Forcément, on a cette image-là, parce qu’en Chine tout est ouvert tout le temps, donc ils travaillent tout le temps. Après, c’est quelque chose que je nuancerais pour les nouvelles générations, les millenials. Un petit peu comme chez nous, en France, même des gens qui ont des jobs où ils gagnent correctement leurs vies et  se demandent s’ils ont envie de passer leur vie à travailler pour être riches sans pouvoir en profiter. Et je pense que cette notion de profiter de l’instant, de profiter de vivre dans le moment présent et sans forcément être dans l’épargne de demain, les millenials chinois l’ont aussi. Ils sont beaucoup plus dépensiers dans l’instant, beaucoup moins économes que leurs parents, et avec un rapport au travail qui je pense est un petit peu altéré par rapport à ce qu’a pu connaître la génération précédente. Mais ils travailleront différemment et ils feront les choses différemment, je pense que ça va aussi avec toute cette époque-là. On parle de tech, il y a aussi beaucoup d’outils aujourd’hui qui font qu’on ne fait plus forcément les choses comme avant. En tout cas, il y a une vraie soif de prendre des vacances, de découvrir le monde, de passer du temps entre amis qui n’était pas dans la culture chinoise de l’ouverture.

Modelab : Dernière question, par curiosité : pourquoi une telle fascination pour la Chine ?

Juliette : J’ai une fascination pour l’international de base. J’aime voyager, j’aime découvrir de nouvelles cultures et c’est quelque chose que j’ai toujours fait depuis toute petite. J’ai eu la chance d’avoir des parents qui m’emmenaient partout, et dès 16 ans j’ai enfilé mon sac à dos pour partir découvrir de nouveaux endroits.

La Chine, j’y suis rentrée par la langue, pour apprendre le chinois. J’ai découvert un univers complètement à part, ne serait-ce que par l’écriture. Mes premiers cours de chinois consistaient à apprendre à dire « Je m’appelle Juliette » et c’était déjà formidable !

J’ai trouvé ça absolument fascinant d’être dans un univers si éloigné de nous qu’il donne envie de le découvrir. Ce n’est pas facile de travailler en Chine, ni d’être en Chine, mais par rapport à cette culture, à la façon d’être et à cette dimension humaine qu’on peut retrouver en Chine, il y a quelque chose que je trouve sympathique et finalement assez proche de nous.

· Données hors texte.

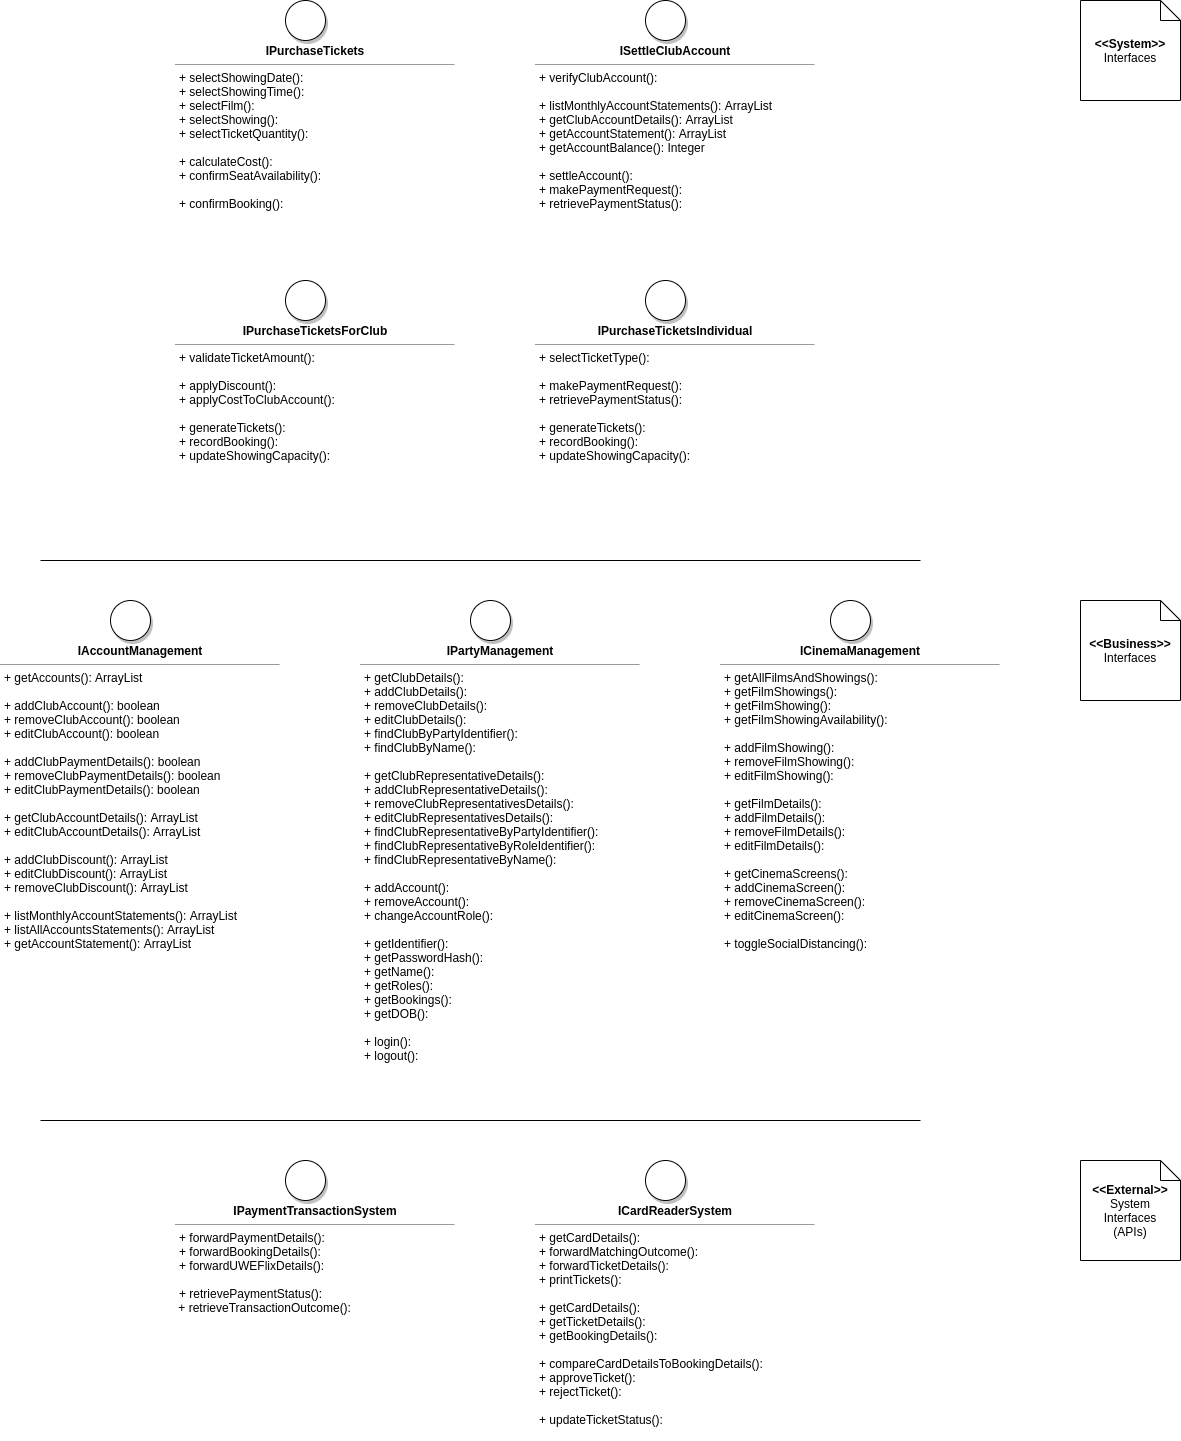

The diagram above was exported from draw.io. Its source (the exported page's mxGraphModel, read from the mxfile embedded in the PNG):
<mxGraphModel dx="1422" dy="816" grid="1" gridSize="10" guides="1" tooltips="1" connect="1" arrows="1" fold="1" page="1" pageScale="1" pageWidth="827" pageHeight="1169" math="0" shadow="0">
  <root>
    <mxCell id="0" />
    <mxCell id="1" parent="0" />
    <mxCell id="3gEaJYuZwHpeeCgXlep5-1" value="&lt;p style=&quot;margin: 0px ; margin-top: 4px ; text-align: center&quot;&gt;&lt;b&gt;IAccountManagement&lt;/b&gt;&lt;/p&gt;&lt;hr size=&quot;1&quot;&gt;&lt;p style=&quot;margin: 0px ; margin-left: 4px&quot;&gt;+ getAccounts(): ArrayList&lt;/p&gt;&lt;p style=&quot;margin: 0px ; margin-left: 4px&quot;&gt;&lt;br&gt;+ addClubAccount(): boolean&lt;/p&gt;&lt;p style=&quot;margin: 0px ; margin-left: 4px&quot;&gt;+ removeClubAccount(): boolean&lt;br&gt;&lt;/p&gt;&lt;p style=&quot;margin: 0px ; margin-left: 4px&quot;&gt;+ editClubAccount(): boolean&lt;/p&gt;&lt;p style=&quot;margin: 0px ; margin-left: 4px&quot;&gt;&lt;br&gt;&lt;/p&gt;&lt;p style=&quot;margin: 0px 0px 0px 4px&quot;&gt;+ addClubPaymentDetails(): boolean&lt;/p&gt;&lt;p style=&quot;margin: 0px 0px 0px 4px&quot;&gt;+ removeClubPaymentDetails(): boolean&lt;br&gt;&lt;/p&gt;&lt;p style=&quot;margin: 0px 0px 0px 4px&quot;&gt;+ editClubPaymentDetails(): boolean&lt;/p&gt;&lt;p style=&quot;margin: 0px ; margin-left: 4px&quot;&gt;&lt;br&gt;&lt;/p&gt;&lt;p style=&quot;margin: 0px ; margin-left: 4px&quot;&gt;+ getClubAccountDetails(): ArrayList&lt;br&gt;&lt;/p&gt;&lt;p style=&quot;margin: 0px ; margin-left: 4px&quot;&gt;+ editClubAccountDetails(): ArrayList&lt;/p&gt;&lt;p style=&quot;margin: 0px ; margin-left: 4px&quot;&gt;&lt;br&gt;&lt;/p&gt;&lt;p style=&quot;margin: 0px ; margin-left: 4px&quot;&gt;+ addClubDiscount(): ArrayList&lt;br&gt;&lt;/p&gt;&lt;p style=&quot;margin: 0px ; margin-left: 4px&quot;&gt;+ editClubDiscount(): ArrayList&lt;br&gt;&lt;/p&gt;&lt;p style=&quot;margin: 0px 0px 0px 4px&quot;&gt;+ removeClubDiscount(): ArrayList&lt;/p&gt;&lt;p style=&quot;margin: 0px ; margin-left: 4px&quot;&gt;&lt;br&gt;&lt;/p&gt;&lt;p style=&quot;margin: 0px ; margin-left: 4px&quot;&gt;+ listMonthlyAccountStatements(): ArrayList&lt;br&gt;&lt;/p&gt;&lt;p style=&quot;margin: 0px 0px 0px 4px&quot;&gt;+ listAllAccountsStatements(): ArrayList&lt;br&gt;&lt;/p&gt;&lt;p style=&quot;margin: 0px 0px 0px 4px&quot;&gt;+ getAccountStatement(): ArrayList&lt;/p&gt;" style="verticalAlign=top;align=left;overflow=fill;fontSize=12;fontFamily=Helvetica;html=1;strokeWidth=1;strokeColor=none;rounded=0;shadow=0;glass=0;sketch=0;" parent="1" vertex="1">
      <mxGeometry x="40" y="680" width="280" height="320" as="geometry" />
    </mxCell>
    <mxCell id="3gEaJYuZwHpeeCgXlep5-28" value="&lt;b&gt;&amp;lt;&amp;lt;Business&amp;gt;&amp;gt;&lt;/b&gt;&lt;br&gt;&lt;span&gt;Interfaces&lt;/span&gt;" style="shape=note;size=20;whiteSpace=wrap;html=1;" parent="1" vertex="1">
      <mxGeometry x="1120" y="640" width="100" height="100" as="geometry" />
    </mxCell>
    <mxCell id="3gEaJYuZwHpeeCgXlep5-29" value="" style="ellipse;whiteSpace=wrap;html=1;aspect=fixed;rounded=0;shadow=1;glass=0;sketch=0;strokeColor=#000000;strokeWidth=1;fillColor=#ffffff;" parent="1" vertex="1">
      <mxGeometry x="150" y="640" width="40" height="40" as="geometry" />
    </mxCell>
    <mxCell id="3gEaJYuZwHpeeCgXlep5-30" value="&lt;p style=&quot;margin: 0px ; margin-top: 4px ; text-align: center&quot;&gt;&lt;b&gt;IPartyManagement&lt;/b&gt;&lt;/p&gt;&lt;hr size=&quot;1&quot;&gt;&lt;p style=&quot;margin: 0px 0px 0px 4px&quot;&gt;+ getClubDetails():&lt;br&gt;&lt;/p&gt;&lt;p style=&quot;margin: 0px 0px 0px 4px&quot;&gt;+ addClubDetails():&lt;br&gt;&lt;/p&gt;&lt;p style=&quot;margin: 0px 0px 0px 4px&quot;&gt;+ removeClubDetails():&lt;br&gt;&lt;/p&gt;&lt;p style=&quot;margin: 0px 0px 0px 4px&quot;&gt;+ editClubDetails():&lt;/p&gt;&lt;p style=&quot;margin: 0px 0px 0px 4px&quot;&gt;+ findClubByPartyIdentifier():&lt;/p&gt;&lt;p style=&quot;margin: 0px 0px 0px 4px&quot;&gt;+ findClubByName():&lt;/p&gt;&lt;p style=&quot;margin: 0px ; margin-left: 4px&quot;&gt;&lt;br&gt;&lt;/p&gt;&lt;p style=&quot;margin: 0px 0px 0px 4px&quot;&gt;+ getClubRepresentativeDetails():&lt;br&gt;&lt;/p&gt;&lt;p style=&quot;margin: 0px 0px 0px 4px&quot;&gt;+ addClubRepresentativeDetails():&lt;br&gt;&lt;/p&gt;&lt;p style=&quot;margin: 0px 0px 0px 4px&quot;&gt;+ removeClubRepresentativesDetails():&lt;br&gt;&lt;/p&gt;&lt;p style=&quot;margin: 0px 0px 0px 4px&quot;&gt;+ editClubRepresentativesDetails():&lt;/p&gt;&lt;p style=&quot;margin: 0px 0px 0px 4px&quot;&gt;+ findClubRepresentativeByPartyIdentifier():&lt;/p&gt;&lt;p style=&quot;margin: 0px 0px 0px 4px&quot;&gt;+ findClubRepresentativeByRoleIdentifier():&lt;/p&gt;&lt;p style=&quot;margin: 0px 0px 0px 4px&quot;&gt;+ findClubRepresentativeByName():&lt;/p&gt;&lt;p style=&quot;margin: 0px 0px 0px 4px&quot;&gt;&lt;br&gt;&lt;/p&gt;&lt;p style=&quot;margin: 0px 0px 0px 4px&quot;&gt;+ addAccount():&lt;/p&gt;&lt;p style=&quot;margin: 0px 0px 0px 4px&quot;&gt;+ removeAccount():&lt;/p&gt;&lt;p style=&quot;margin: 0px 0px 0px 4px&quot;&gt;+ changeAccountRole():&lt;/p&gt;&lt;p style=&quot;margin: 0px 0px 0px 4px&quot;&gt;&lt;br&gt;&lt;/p&gt;&lt;p style=&quot;margin: 0px 0px 0px 4px&quot;&gt;+ getIdentifier():&lt;/p&gt;&lt;p style=&quot;margin: 0px 0px 0px 4px&quot;&gt;+ getPasswordHash():&lt;/p&gt;&lt;p style=&quot;margin: 0px 0px 0px 4px&quot;&gt;+ getName():&lt;/p&gt;&lt;p style=&quot;margin: 0px 0px 0px 4px&quot;&gt;+ getRoles():&lt;/p&gt;&lt;p style=&quot;margin: 0px 0px 0px 4px&quot;&gt;+ getBookings():&lt;/p&gt;&lt;p style=&quot;margin: 0px 0px 0px 4px&quot;&gt;+ getDOB():&lt;/p&gt;&lt;p style=&quot;margin: 0px ; margin-left: 4px&quot;&gt;&lt;br&gt;&lt;/p&gt;&lt;p style=&quot;margin: 0px ; margin-left: 4px&quot;&gt;&lt;span&gt;+ login():&lt;/span&gt;&lt;br&gt;&lt;/p&gt;&lt;p style=&quot;margin: 0px ; margin-left: 4px&quot;&gt;+ logout():&lt;span&gt;&lt;br&gt;&lt;/span&gt;&lt;/p&gt;" style="verticalAlign=top;align=left;overflow=fill;fontSize=12;fontFamily=Helvetica;html=1;strokeWidth=1;strokeColor=none;rounded=0;shadow=0;glass=0;sketch=0;" parent="1" vertex="1">
      <mxGeometry x="400" y="680" width="280" height="440" as="geometry" />
    </mxCell>
    <mxCell id="3gEaJYuZwHpeeCgXlep5-31" value="" style="ellipse;whiteSpace=wrap;html=1;aspect=fixed;rounded=0;shadow=1;glass=0;sketch=0;strokeColor=#000000;strokeWidth=1;fillColor=#ffffff;" parent="1" vertex="1">
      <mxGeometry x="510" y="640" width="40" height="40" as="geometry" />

La dimension famille, qui est très importante, le fait de bien manger, de bien vivre, de trinquer, de partager, les Chinois ont beaucoup d’humour, il y a beaucoup de blagues qui sont faites, ils ont envie de rire ! Ils s’intéressent beaucoup aussi à ce qu’il se passe en dehors de chez eux, il y a une grande curiosité dans cette population. Finalement, c’est un pays dans lequel on se sent bien. Enfin, en tout cas, moi, je m’y sens bien.

The Chinese Pulse, c’est un projet que j’ai monté avec Sophia qui a vécu près de neuf ans en Chine. Elle a plus travaillé dans l’univers de la comm et des relations presse avec des clients chinois, en immersion complète en Chine pendant toutes ces années. Elle aussi, elle a cette expérience du vécu et du partage.

Modelab : Est-ce que tu as quelque chose à rajouter ?

Juliette : On a plein de projets ! C’est encore un peu tôt pour pouvoir vous dire lesquels, mais ce sont des projets liés en partie à la dimension tech. Et puis venez nous voir si vous avez des questions sur la Chine ! Parce qu’on travaille pour des marques de mode, pour des marques de beauté, mais aussi pour du lifestyle, donc on est assez ouvertes, en tout cas à des univers créatifs. Et il faut changer la vision préconçue qu’on peut avoir de ce pays parce que plein de choses fascinantes s’y passent et que ça mérite de s’y intéresser. Et aussi parce que c’est un marché. Pour revenir à une réalité plus business, c’est clairement un marché incontournable aujourd’hui mais également pour demain et je pense que c’est difficile de se projeter dans un avenir sans la Chine et sans les Chinois en tant que marque française.